After stopping deliveries in October, Boeing has amassed an inventory of more than 80 newly produced and undelivered Dreamliners, according to aviation consultancy Ascend by Cirium. Boeing has said it expects to resume deliveries in late March.
Wide-body aircraft have an excellent safety record and are used frequently on international routes. Boeing learned of the move from the FAA in January and has already included FAA approvals in its expected delivery schedule, said a person familiar with Boeing’s planning.
Among the specific aircraft scheduled for final approval by agency inspectors are two Dreamliners ordered by United Airlines Holdings. Inc.
United expects to receive the planes in late March or early April, a person familiar with the Chicago-based carrier’s plans said this week.
The Boeing spokesman said the manufacturer would adjust its delivery plans if necessary so that it can take the time to conduct thorough inspections of the 787 “to ensure each meets our rigorous engineering specifications.”
The suspension of deliveries has cut off a significant source of cash paid by customers as the aircraft manufacturer navigates the Covid-19 pandemic and weak demand in global air travel. Bernstein analyst Doug Harned has estimated that slowing Dreamliner deliveries could cost Boeing up to $ 8 billion in cash flow through 2020 and 2021. He expects half of that to be recovered next year when airlines receive the delivery and pay the rest of the cost.
Boeing said in January that it would likely continue to burn cash this year, but has adequate liquidity after racking up billions of dollars in debt last year. Investor optimism about the general recovery in travel helped lift its shares 21% last week. The stock gained another 3.3% on Wednesday, valuing Boeing at $ 149 billion.
Though limited in scope, the FAA’s move on the Dreamliner is similar to a step the agency took after two Boeing 737 MAX jet crashes killed 346 people in 2018 and 2019.
The FAA stripped Boeing of its authority to conduct pre-delivery security checks on MAX aircraft in late 2019. At the time, a faulty flight control system and production-related missteps with that aircraft they were under congressional and regulatory scrutiny. The FAA approved the 737 MAX to resume passenger flights last year.
The Dreamliner failures are among several quality issues Boeing has faced in recent years in its commercial, defense and space programs.
Many of the 787’s quality failures involve tiny gaps where sections of the aircraft’s fuselage or body of the aircraft are attached. Problems have arisen elsewhere as well, including the vertical fin and horizontal stabilizer on the tail, according to a March 12 FAA summary of the agency’s regulatory actions seen by The Wall Street Journal.
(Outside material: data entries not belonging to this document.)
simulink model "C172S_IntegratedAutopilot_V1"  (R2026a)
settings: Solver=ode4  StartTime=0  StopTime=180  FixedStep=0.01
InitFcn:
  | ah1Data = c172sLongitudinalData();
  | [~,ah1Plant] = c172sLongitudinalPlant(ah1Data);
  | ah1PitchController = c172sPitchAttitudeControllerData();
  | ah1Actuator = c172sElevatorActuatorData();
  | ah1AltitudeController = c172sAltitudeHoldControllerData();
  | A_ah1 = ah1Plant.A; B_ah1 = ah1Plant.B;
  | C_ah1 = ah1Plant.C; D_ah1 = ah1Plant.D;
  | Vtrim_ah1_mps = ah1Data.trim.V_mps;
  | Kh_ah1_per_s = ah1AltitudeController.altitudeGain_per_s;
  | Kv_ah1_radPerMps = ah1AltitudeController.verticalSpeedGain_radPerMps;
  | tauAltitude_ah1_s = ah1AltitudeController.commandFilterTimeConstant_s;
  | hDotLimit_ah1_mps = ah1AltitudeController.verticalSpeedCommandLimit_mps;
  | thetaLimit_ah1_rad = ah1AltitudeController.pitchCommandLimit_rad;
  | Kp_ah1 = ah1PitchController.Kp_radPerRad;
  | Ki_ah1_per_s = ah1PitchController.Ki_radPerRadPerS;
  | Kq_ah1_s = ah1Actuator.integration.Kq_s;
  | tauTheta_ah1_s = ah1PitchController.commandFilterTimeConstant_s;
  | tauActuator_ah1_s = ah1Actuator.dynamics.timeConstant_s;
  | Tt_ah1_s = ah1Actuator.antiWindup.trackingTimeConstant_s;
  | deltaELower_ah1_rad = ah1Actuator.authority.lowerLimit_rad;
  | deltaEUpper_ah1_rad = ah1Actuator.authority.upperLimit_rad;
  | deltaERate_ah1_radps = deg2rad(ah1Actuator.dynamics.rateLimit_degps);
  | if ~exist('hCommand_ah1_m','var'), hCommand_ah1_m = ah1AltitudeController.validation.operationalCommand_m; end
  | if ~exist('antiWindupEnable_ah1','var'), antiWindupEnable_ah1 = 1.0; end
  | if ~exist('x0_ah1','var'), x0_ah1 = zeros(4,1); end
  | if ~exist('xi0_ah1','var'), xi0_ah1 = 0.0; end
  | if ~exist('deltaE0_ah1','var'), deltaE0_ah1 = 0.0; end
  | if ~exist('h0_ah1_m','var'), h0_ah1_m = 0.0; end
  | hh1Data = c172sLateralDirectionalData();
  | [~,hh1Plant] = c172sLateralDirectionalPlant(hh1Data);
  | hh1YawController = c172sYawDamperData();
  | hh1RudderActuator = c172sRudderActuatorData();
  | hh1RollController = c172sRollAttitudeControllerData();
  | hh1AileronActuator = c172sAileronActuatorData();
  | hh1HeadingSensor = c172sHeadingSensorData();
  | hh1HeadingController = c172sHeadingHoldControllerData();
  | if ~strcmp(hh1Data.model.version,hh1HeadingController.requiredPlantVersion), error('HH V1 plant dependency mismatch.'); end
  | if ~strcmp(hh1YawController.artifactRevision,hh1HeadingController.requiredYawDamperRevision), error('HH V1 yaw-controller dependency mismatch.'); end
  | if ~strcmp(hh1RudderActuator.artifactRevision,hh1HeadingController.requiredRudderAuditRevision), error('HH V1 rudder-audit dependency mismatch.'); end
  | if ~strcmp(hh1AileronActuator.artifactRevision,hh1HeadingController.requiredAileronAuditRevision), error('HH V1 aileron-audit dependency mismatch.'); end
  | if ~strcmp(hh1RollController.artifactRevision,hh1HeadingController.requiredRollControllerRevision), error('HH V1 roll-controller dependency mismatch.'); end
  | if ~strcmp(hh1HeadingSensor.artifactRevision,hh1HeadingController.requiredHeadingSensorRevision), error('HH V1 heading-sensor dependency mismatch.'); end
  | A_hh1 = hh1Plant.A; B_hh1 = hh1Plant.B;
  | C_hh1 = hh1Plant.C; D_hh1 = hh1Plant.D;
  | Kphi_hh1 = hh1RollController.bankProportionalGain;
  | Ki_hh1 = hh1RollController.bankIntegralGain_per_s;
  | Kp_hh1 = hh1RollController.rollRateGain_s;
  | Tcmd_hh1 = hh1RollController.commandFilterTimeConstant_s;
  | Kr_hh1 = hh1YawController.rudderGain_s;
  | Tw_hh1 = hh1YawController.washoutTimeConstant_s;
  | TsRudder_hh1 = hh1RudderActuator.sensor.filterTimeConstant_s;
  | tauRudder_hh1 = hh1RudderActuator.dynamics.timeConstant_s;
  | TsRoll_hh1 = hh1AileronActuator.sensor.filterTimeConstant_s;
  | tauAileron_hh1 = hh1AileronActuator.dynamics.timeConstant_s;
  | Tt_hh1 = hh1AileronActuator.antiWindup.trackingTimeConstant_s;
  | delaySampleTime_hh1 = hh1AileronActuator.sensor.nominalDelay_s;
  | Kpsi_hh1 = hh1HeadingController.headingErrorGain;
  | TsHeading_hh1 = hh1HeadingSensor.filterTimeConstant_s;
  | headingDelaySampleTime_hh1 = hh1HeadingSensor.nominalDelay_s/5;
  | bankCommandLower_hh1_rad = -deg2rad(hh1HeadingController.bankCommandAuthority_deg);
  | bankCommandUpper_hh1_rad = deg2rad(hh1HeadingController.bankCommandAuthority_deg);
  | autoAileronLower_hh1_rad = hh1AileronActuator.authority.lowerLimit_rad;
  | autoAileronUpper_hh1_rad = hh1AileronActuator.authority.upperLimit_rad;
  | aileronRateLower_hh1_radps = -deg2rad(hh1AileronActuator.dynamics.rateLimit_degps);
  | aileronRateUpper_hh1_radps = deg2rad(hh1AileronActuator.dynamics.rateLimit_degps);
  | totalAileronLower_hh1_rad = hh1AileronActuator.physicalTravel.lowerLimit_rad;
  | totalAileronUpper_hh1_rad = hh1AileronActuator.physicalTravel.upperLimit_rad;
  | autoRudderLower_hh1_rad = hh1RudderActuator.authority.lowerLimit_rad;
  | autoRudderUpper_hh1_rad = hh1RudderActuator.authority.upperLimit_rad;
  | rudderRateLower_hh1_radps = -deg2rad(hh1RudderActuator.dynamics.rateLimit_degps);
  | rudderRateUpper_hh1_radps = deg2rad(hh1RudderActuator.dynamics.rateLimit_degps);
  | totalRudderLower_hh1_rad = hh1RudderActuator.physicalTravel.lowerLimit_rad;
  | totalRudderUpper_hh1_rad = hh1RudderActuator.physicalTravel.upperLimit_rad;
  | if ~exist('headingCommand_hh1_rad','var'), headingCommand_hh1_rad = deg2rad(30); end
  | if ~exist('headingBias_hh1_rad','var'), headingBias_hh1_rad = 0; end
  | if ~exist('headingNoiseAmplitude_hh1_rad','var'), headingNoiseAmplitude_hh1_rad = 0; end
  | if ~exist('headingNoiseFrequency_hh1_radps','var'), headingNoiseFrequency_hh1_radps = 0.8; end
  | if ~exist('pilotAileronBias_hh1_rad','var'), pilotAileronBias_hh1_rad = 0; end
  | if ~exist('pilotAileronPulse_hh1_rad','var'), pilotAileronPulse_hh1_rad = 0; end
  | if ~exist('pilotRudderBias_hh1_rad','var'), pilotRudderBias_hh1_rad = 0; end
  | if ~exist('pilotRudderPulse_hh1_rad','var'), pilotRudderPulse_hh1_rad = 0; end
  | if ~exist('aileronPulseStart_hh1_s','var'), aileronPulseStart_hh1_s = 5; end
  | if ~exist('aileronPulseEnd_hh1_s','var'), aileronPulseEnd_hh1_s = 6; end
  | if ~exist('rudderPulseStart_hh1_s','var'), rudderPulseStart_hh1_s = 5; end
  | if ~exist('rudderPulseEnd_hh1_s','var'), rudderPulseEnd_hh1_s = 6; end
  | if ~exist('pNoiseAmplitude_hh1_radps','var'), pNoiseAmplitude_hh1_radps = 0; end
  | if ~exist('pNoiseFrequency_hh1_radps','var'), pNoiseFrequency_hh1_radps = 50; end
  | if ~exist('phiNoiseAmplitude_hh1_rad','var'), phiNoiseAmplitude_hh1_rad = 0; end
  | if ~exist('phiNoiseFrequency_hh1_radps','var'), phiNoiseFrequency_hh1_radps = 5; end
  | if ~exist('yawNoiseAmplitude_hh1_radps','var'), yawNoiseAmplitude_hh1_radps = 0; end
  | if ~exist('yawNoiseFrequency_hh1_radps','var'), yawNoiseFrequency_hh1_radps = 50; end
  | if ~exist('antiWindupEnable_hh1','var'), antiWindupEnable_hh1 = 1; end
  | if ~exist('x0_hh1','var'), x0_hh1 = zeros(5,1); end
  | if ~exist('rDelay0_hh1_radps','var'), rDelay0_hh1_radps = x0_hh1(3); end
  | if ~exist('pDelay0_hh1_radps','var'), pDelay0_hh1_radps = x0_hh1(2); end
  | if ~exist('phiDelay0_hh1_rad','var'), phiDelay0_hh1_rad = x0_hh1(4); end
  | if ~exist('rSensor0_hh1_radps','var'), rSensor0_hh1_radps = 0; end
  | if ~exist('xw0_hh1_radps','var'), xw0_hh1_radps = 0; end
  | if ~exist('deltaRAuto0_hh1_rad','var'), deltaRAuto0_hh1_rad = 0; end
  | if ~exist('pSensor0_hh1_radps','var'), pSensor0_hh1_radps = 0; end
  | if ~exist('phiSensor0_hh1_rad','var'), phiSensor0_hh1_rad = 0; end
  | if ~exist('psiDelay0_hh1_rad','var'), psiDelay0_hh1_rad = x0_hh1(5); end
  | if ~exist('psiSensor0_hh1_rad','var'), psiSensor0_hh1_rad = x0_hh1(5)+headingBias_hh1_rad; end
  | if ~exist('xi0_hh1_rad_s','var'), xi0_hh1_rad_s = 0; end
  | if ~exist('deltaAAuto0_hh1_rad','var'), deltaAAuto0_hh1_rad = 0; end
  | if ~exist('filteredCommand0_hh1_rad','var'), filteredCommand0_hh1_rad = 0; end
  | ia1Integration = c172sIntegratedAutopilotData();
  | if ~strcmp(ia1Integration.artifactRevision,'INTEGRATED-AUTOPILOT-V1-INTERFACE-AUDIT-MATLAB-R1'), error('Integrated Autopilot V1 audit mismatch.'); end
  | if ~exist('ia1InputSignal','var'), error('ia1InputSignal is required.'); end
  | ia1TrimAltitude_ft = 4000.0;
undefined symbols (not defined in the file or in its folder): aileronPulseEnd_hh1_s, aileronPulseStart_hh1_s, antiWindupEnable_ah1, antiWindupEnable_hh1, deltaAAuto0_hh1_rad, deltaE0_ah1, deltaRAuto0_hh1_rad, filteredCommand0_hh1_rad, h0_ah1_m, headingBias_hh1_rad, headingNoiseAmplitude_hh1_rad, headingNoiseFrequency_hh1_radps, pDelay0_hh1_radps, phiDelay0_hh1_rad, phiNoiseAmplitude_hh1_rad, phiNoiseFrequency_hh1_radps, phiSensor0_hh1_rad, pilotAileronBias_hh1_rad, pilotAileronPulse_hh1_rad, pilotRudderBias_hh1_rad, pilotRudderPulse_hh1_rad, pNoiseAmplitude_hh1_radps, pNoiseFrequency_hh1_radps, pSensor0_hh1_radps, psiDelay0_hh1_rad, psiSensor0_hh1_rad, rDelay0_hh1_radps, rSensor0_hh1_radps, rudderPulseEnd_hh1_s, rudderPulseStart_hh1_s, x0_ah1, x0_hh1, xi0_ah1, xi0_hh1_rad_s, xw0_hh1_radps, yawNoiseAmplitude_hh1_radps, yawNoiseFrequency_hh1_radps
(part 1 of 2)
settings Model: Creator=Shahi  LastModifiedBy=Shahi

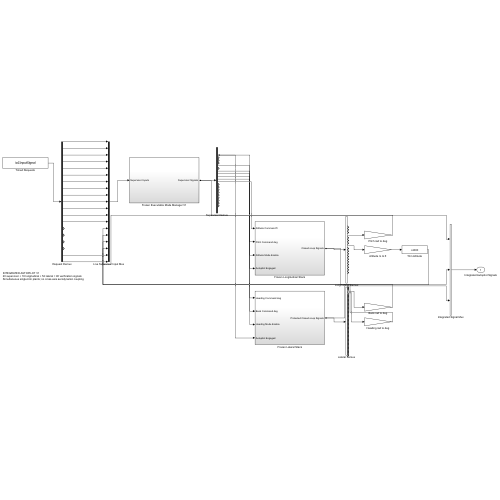
[thumbnail: Simulink's stored preview of the top-level diagram]
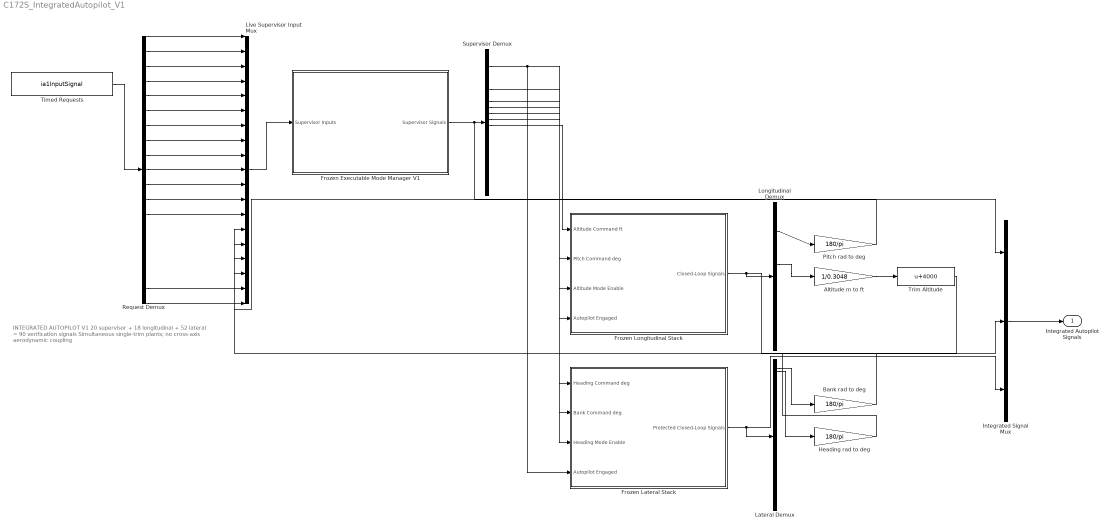
== system C172S_IntegratedAutopilot_V1 ==
  note: INTEGRATED AUTOPILOT V1
      | 20 supervisor + 18 longitudinal + 52 lateral = 90 verification signals
      | Simultaneous single-trim plants; no cross-axis aerodynamic coupling
  Altitude m to ft : Gain  Gain=1/0.3048
  Bank rad to deg : Gain  Gain=180/pi
  Frozen Executable Mode Manager V1 : Subsystem
  Frozen Lateral Stack : Subsystem
  Frozen Longitudinal Stack : Subsystem
  Heading rad to deg : Gain  Gain=180/pi
  Integrated Signal Mux : Mux  Inputs=3
  Lateral Demux : Demux  Outputs=52
  Live Supervisor Input Mux : Mux  Inputs=19
  Longitudinal Demux : Demux  Outputs=18
  Pitch rad to deg : Gain  Gain=180/pi
  Request Demux : Demux  Outputs=19
  Supervisor Demux : Demux  Outputs=20
  Timed Requests : FromWorkspace  VariableName=ia1InputSignal  SampleTime=0.01  Interpolate=off  OutputAfterFinalValue=Holding final value
  Trim Altitude : Bias  Bias=4000  SaturateOnIntegerOverflow=off
  Integrated Autopilot Signals : Outport
  wires:
  Timed Requests/1 -> Request Demux/1
  Frozen Longitudinal Stack/1(Closed-Loop Signals) -> Longitudinal Demux/1, Integrated Signal Mux/2
  Frozen Lateral Stack/1(Protected Closed-Loop Signals) -> Lateral Demux/1, Integrated Signal Mux/3
  Longitudinal Demux/4 -> Pitch rad to deg/1
  Longitudinal Demux/8 -> Altitude m to ft/1
  Altitude m to ft/1 -> Trim Altitude/1
  Lateral Demux/4 -> Bank rad to deg/1
  Lateral Demux/5 -> Heading rad to deg/1
  Request Demux/1 -> Live Supervisor Input Mux/1
  Request Demux/2 -> Live Supervisor Input Mux/2
  Request Demux/3 -> Live Supervisor Input Mux/3
  Request Demux/4 -> Live Supervisor Input Mux/4
  Request Demux/5 -> Live Supervisor Input Mux/5
  Request Demux/6 -> Live Supervisor Input Mux/6
  Request Demux/7 -> Live Supervisor Input Mux/7
  Request Demux/8 -> Live Supervisor Input Mux/8
  Request Demux/9 -> Live Supervisor Input Mux/9
  Request Demux/10 -> Live Supervisor Input Mux/10
  Request Demux/11 -> Live Supervisor Input Mux/11
  Request Demux/12 -> Live Supervisor Input Mux/12
  Request Demux/13 -> Live Supervisor Input Mux/13
  Request Demux/18 -> Live Supervisor Input Mux/18
  Request Demux/19 -> Live Supervisor Input Mux/19
  Bank rad to deg/1 -> Live Supervisor Input Mux/14
  Pitch rad to deg/1 -> Live Supervisor Input Mux/15
  Heading rad to deg/1 -> Live Supervisor Input Mux/16
  Trim Altitude/1 -> Live Supervisor Input Mux/17
  Live Supervisor Input Mux/1 -> Frozen Executable Mode Manager V1/1(Supervisor Inputs)
  Frozen Executable Mode Manager V1/1(Supervisor Signals) -> Supervisor Demux/1, Integrated Signal Mux/1
  Supervisor Demux/11 -> Frozen Longitudinal Stack/1(Altitude Command ft)
  Supervisor Demux/9 -> Frozen Longitudinal Stack/2(Pitch Command deg)
  Supervisor Demux/7 -> Frozen Longitudinal Stack/3(Altitude Mode Enable)
  Supervisor Demux/1 -> Frozen Longitudinal Stack/4(Autopilot Engaged), Frozen Lateral Stack/4(Autopilot Engaged)
  Supervisor Demux/10 -> Frozen Lateral Stack/1(Heading Command deg)
  Supervisor Demux/8 -> Frozen Lateral Stack/2(Bank Command deg)
  Supervisor Demux/5 -> Frozen Lateral Stack/3(Heading Mode Enable)
  Integrated Signal Mux/1 -> Integrated Autopilot Signals/1

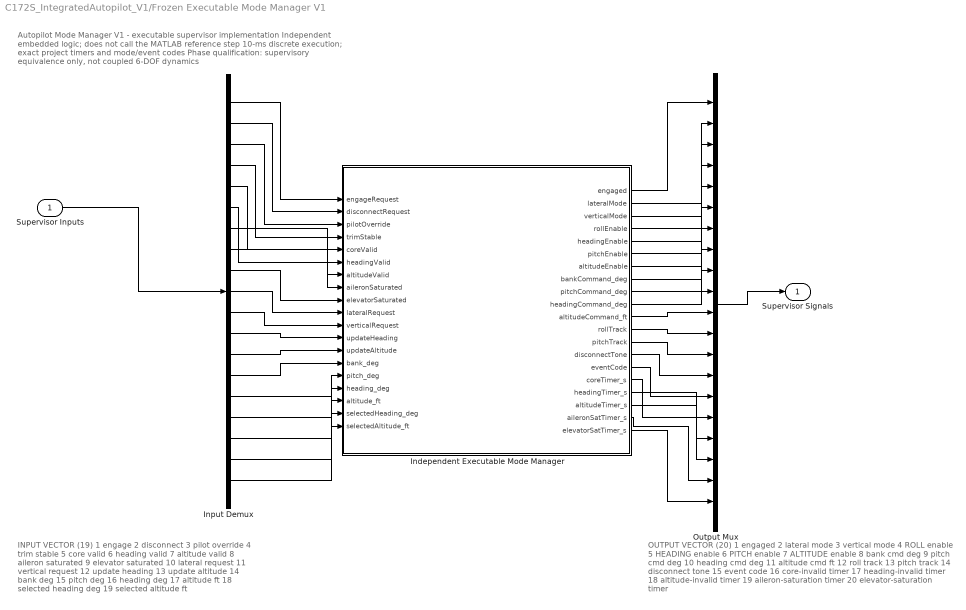
== system C172S_IntegratedAutopilot_V1/Frozen Executable Mode Manager V1 ==
  note: Autopilot Mode Manager V1 - executable supervisor implementation
      | Independent embedded logic; does not call the MATLAB reference step
      | 10-ms discrete execution; exact project timers and mode/event codes
      | Phase qualification: supervisory equivalence only, not coupled 6-DOF dynamics
  note: INPUT VECTOR (19)
      | 1 engage  2 disconnect  3 pilot override  4 trim stable
      | 5 core valid  6 heading valid  7 altitude valid
      | 8 aileron saturated  9 elevator saturated
      | 10 lateral request  11 vertical request
      | 12 update heading  13 update altitude
      | 14 bank deg  15 pitch deg  16 heading deg  17 altitude ft
      | 18 selected heading deg  19 selected altitude ft
  note: OUTPUT VECTOR (20)
      | 1 engaged  2 lateral mode  3 vertical mode
      | 4 ROLL enable  5 HEADING enable  6 PITCH enable  7 ALTITUDE enable
      | 8 bank cmd deg  9 pitch cmd deg  10 heading cmd deg  11 altitude cmd ft
      | 12 roll track  13 pitch track  14 disconnect tone  15 event code
      | 16 core-invalid timer  17 heading-invalid timer  18 altitude-invalid timer
      | 19 aileron-saturation timer  20 elevator-saturation timer
  Supervisor Inputs : Inport
  Independent Executable Mode Manager : MATLAB Function  TreatAsAtomicUnit=on
  Input Demux : Demux  Outputs=19
  Output Mux : Mux  Inputs=20
  Supervisor Signals : Outport
  wires:
  Input Demux/1 -> Independent Executable Mode Manager/1(engageRequest)
  Input Demux/2 -> Independent Executable Mode Manager/2(disconnectRequest)
  Input Demux/3 -> Independent Executable Mode Manager/3(pilotOverride)
  Input Demux/4 -> Independent Executable Mode Manager/4(trimStable)
  Input Demux/5 -> Independent Executable Mode Manager/5(coreValid)
  Input Demux/6 -> Independent Executable Mode Manager/6(headingValid)
  Input Demux/7 -> Independent Executable Mode Manager/7(altitudeValid)
  Input Demux/8 -> Independent Executable Mode Manager/8(aileronSaturated)
  Input Demux/9 -> Independent Executable Mode Manager/9(elevatorSaturated)
  Input Demux/10 -> Independent Executable Mode Manager/10(lateralRequest)
  Input Demux/11 -> Independent Executable Mode Manager/11(verticalRequest)
  Input Demux/12 -> Independent Executable Mode Manager/12(updateHeading)
  Input Demux/13 -> Independent Executable Mode Manager/13(updateAltitude)
  Input Demux/14 -> Independent Executable Mode Manager/14(bank_deg)
  Input Demux/15 -> Independent Executable Mode Manager/15(pitch_deg)
  Input Demux/16 -> Independent Executable Mode Manager/16(heading_deg)
  Input Demux/17 -> Independent Executable Mode Manager/17(altitude_ft)
  Input Demux/18 -> Independent Executable Mode Manager/18(selectedHeading_deg)
  Input Demux/19 -> Independent Executable Mode Manager/19(selectedAltitude_ft)
  Independent Executable Mode Manager/1(engaged) -> Output Mux/1
  Independent Executable Mode Manager/2(lateralMode) -> Output Mux/2
  Independent Executable Mode Manager/3(verticalMode) -> Output Mux/3
  Independent Executable Mode Manager/4(rollEnable) -> Output Mux/4
  Independent Executable Mode Manager/5(headingEnable) -> Output Mux/5
  Independent Executable Mode Manager/6(pitchEnable) -> Output Mux/6
  Independent Executable Mode Manager/7(altitudeEnable) -> Output Mux/7
  Independent Executable Mode Manager/8(bankCommand_deg) -> Output Mux/8
  Independent Executable Mode Manager/9(pitchCommand_deg) -> Output Mux/9
  Independent Executable Mode Manager/10(headingCommand_deg) -> Output Mux/10
  Independent Executable Mode Manager/11(altitudeCommand_ft) -> Output Mux/11
  Independent Executable Mode Manager/12(rollTrack) -> Output Mux/12
  Independent Executable Mode Manager/13(pitchTrack) -> Output Mux/13
  Independent Executable Mode Manager/14(disconnectTone) -> Output Mux/14
  Independent Executable Mode Manager/15(eventCode) -> Output Mux/15
  Independent Executable Mode Manager/16(coreTimer_s) -> Output Mux/16
  Independent Executable Mode Manager/17(headingTimer_s) -> Output Mux/17
  Independent Executable Mode Manager/18(altitudeTimer_s) -> Output Mux/18
  Independent Executable Mode Manager/19(aileronSatTimer_s) -> Output Mux/19
  Independent Executable Mode Manager/20(elevatorSatTimer_s) -> Output Mux/20
  Output Mux/1 -> Supervisor Signals/1
  Supervisor Inputs/1 -> Input Demux/1

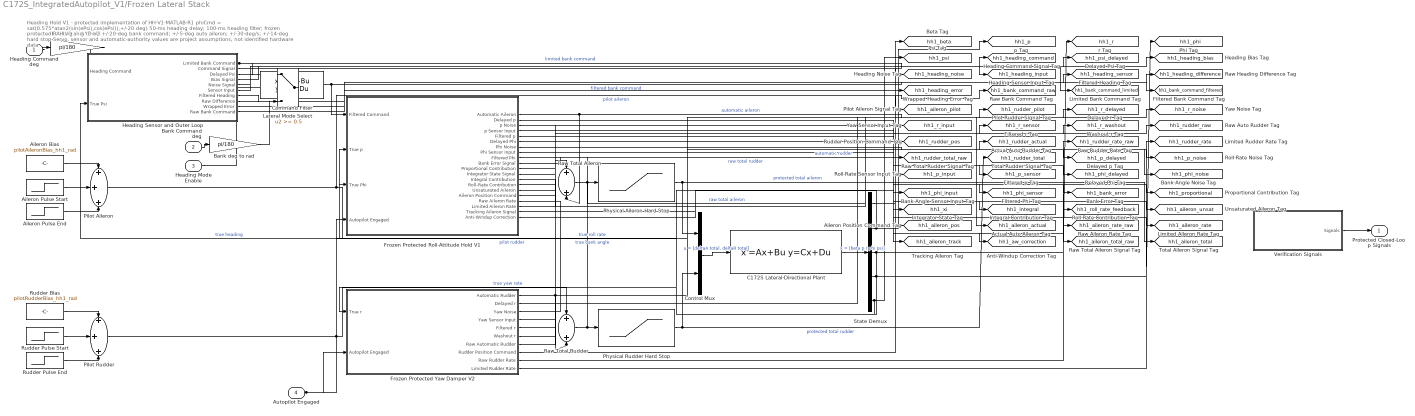
== system C172S_IntegratedAutopilot_V1/Frozen Lateral Stack ==
  note: Heading Hold V1 - protected implementation of HH-V1-MATLAB-R1
      | phiCmd = sat(0.575*atan2(sin(ePsi),cos(ePsi)),+/-20 deg)
      | 50-ms heading delay; 100-ms heading filter; frozen protected RAH V1 and YD V2
      | +/-20-deg bank command; +/-5-deg auto aileron; +/-30-deg/s; +/-14-deg hard stop
      | Servo, sensor and automatic-authority values are project assumptions, not identified hardware data
  Heading Command deg : Inport
  Bank Command deg : Inport  Port=2
  Heading Mode Enable : Inport  Port=3
  Autopilot Engaged : Inport  Port=4
  Aileron Bias : Constant  Value=pilotAileronBias_hh1_rad
  Aileron Pulse End : Step  Time=aileronPulseEnd_hh1_s  FinalValue=-pilotAileronPulse_hh1_rad  SampleTime=0
  Aileron Pulse Start : Step  Time=aileronPulseStart_hh1_s  FinalValue=pilotAileronPulse_hh1_rad  SampleTime=0
  Bank deg to rad : Gain  Gain=pi/180
  C172S Lateral-Directional Plant : StateSpace  A=A_hh1  B=B_hh1  C=C_hh1  D=D_hh1  InitialCondition=x0_hh1
  Command Filter : StateSpace  A=-1/Tcmd_hh1  B=1/Tcmd_hh1  D=0  InitialCondition=filteredCommand0_hh1_rad
  Control Mux : Mux  Inputs=2
  Frozen Protected Roll-Attitude Hold V1 : Subsystem
  Frozen Protected Yaw Damper V2 : Subsystem
  Heading Sensor and Outer Loop : Subsystem
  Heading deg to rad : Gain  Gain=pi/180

Boeing has previously disclosed problems with a factory process used to generate tiny shims, materials used to fill the tiny gaps where sections of the plane meet. Such gaps could lead to eventual premature fatigue of certain parts of the aircraft, which could require extensive repairs during long-term routine maintenance.
In its summary, the agency said it would maintain its Dreamliner approval authority “until it is confirmed that all shim issues are resolved and the aircraft conform to the FAA-approved design.”